> Work instruction
Repeat only these lines, exactly: the first line of the data, the line containing "#7932 = LINE ( 'NONE', #12211, #4007 ) ;", and every line between them. Pictures stay out.

Collected data:
* * * * * * *
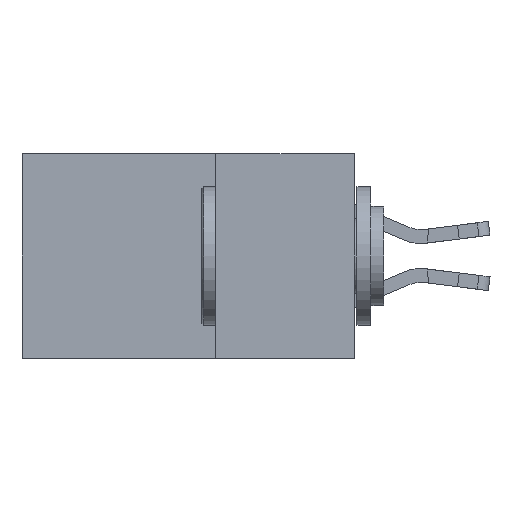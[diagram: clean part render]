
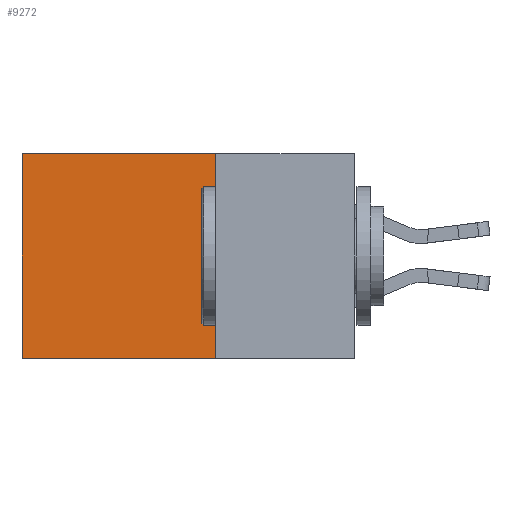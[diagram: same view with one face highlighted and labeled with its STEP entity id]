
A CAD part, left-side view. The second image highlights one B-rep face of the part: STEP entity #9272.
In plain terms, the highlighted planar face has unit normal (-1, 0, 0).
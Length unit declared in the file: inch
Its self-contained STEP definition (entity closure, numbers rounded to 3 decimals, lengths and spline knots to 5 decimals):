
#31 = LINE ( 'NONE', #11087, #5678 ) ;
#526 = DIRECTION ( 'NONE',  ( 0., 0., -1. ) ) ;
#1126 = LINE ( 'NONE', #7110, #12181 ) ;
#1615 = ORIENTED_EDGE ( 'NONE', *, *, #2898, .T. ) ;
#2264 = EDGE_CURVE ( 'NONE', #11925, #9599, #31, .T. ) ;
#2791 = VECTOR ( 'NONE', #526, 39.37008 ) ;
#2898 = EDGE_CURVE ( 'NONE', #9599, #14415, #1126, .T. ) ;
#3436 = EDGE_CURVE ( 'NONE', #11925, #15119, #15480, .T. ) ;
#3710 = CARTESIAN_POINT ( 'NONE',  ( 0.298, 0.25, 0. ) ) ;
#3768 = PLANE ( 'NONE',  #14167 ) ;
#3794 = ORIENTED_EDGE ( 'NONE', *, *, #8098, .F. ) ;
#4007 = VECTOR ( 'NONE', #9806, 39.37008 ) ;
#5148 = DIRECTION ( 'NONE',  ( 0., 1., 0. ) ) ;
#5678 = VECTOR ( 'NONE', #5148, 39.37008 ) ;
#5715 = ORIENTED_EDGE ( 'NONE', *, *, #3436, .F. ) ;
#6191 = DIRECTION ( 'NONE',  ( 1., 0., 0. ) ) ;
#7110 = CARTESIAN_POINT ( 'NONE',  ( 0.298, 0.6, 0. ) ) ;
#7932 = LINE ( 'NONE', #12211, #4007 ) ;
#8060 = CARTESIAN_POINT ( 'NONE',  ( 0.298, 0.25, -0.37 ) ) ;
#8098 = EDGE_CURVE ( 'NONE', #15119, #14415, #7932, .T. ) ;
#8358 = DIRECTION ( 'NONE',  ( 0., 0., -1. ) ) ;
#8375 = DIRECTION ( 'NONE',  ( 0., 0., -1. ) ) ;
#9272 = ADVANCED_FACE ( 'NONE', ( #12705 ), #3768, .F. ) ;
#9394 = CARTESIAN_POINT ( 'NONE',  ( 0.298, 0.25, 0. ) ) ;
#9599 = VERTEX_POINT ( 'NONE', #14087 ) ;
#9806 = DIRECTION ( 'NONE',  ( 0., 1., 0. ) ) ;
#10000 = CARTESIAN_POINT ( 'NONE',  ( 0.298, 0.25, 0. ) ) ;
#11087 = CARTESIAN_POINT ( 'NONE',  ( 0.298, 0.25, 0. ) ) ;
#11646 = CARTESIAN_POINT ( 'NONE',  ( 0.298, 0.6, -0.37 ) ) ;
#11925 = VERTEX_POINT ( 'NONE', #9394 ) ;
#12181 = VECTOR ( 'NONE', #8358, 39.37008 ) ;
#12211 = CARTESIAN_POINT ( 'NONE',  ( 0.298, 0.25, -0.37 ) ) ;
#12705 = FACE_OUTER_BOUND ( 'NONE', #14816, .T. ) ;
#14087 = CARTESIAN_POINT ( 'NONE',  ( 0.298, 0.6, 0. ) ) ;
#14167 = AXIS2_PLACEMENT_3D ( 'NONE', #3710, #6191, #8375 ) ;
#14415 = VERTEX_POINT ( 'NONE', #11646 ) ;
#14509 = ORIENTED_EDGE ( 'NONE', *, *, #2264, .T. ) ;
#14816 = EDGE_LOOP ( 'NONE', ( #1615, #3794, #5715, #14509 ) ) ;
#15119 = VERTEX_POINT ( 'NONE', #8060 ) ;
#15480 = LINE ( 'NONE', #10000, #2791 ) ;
* * * * * * *
> Output of the exercise
[diagram: clean part render]
[diagram: same view with one face highlighted and labeled with its STEP entity id]
A CAD part, left-side view. The second image highlights one B-rep face of the part: STEP entity #9272.
In plain terms, the highlighted planar face has unit normal (-1, 0, 0).
Length unit declared in the file: inch
Its self-contained STEP definition (entity closure, numbers rounded to 3 decimals, lengths and spline knots to 5 decimals):
#31 = LINE ( 'NONE', #11087, #5678 ) ;
#526 = DIRECTION ( 'NONE',  ( 0., 0., -1. ) ) ;
#1126 = LINE ( 'NONE', #7110, #12181 ) ;
#1615 = ORIENTED_EDGE ( 'NONE', *, *, #2898, .T. ) ;
#2264 = EDGE_CURVE ( 'NONE', #11925, #9599, #31, .T. ) ;
#2791 = VECTOR ( 'NONE', #526, 39.37008 ) ;
#2898 = EDGE_CURVE ( 'NONE', #9599, #14415, #1126, .T. ) ;
#3436 = EDGE_CURVE ( 'NONE', #11925, #15119, #15480, .T. ) ;
#3710 = CARTESIAN_POINT ( 'NONE',  ( 0.298, 0.25, 0. ) ) ;
#3768 = PLANE ( 'NONE',  #14167 ) ;
#3794 = ORIENTED_EDGE ( 'NONE', *, *, #8098, .F. ) ;
#4007 = VECTOR ( 'NONE', #9806, 39.37008 ) ;
#5148 = DIRECTION ( 'NONE',  ( 0., 1., 0. ) ) ;
#5678 = VECTOR ( 'NONE', #5148, 39.37008 ) ;
#5715 = ORIENTED_EDGE ( 'NONE', *, *, #3436, .F. ) ;
#6191 = DIRECTION ( 'NONE',  ( 1., 0., 0. ) ) ;
#7110 = CARTESIAN_POINT ( 'NONE',  ( 0.298, 0.6, 0. ) ) ;
#7932 = LINE ( 'NONE', #12211, #4007 ) ;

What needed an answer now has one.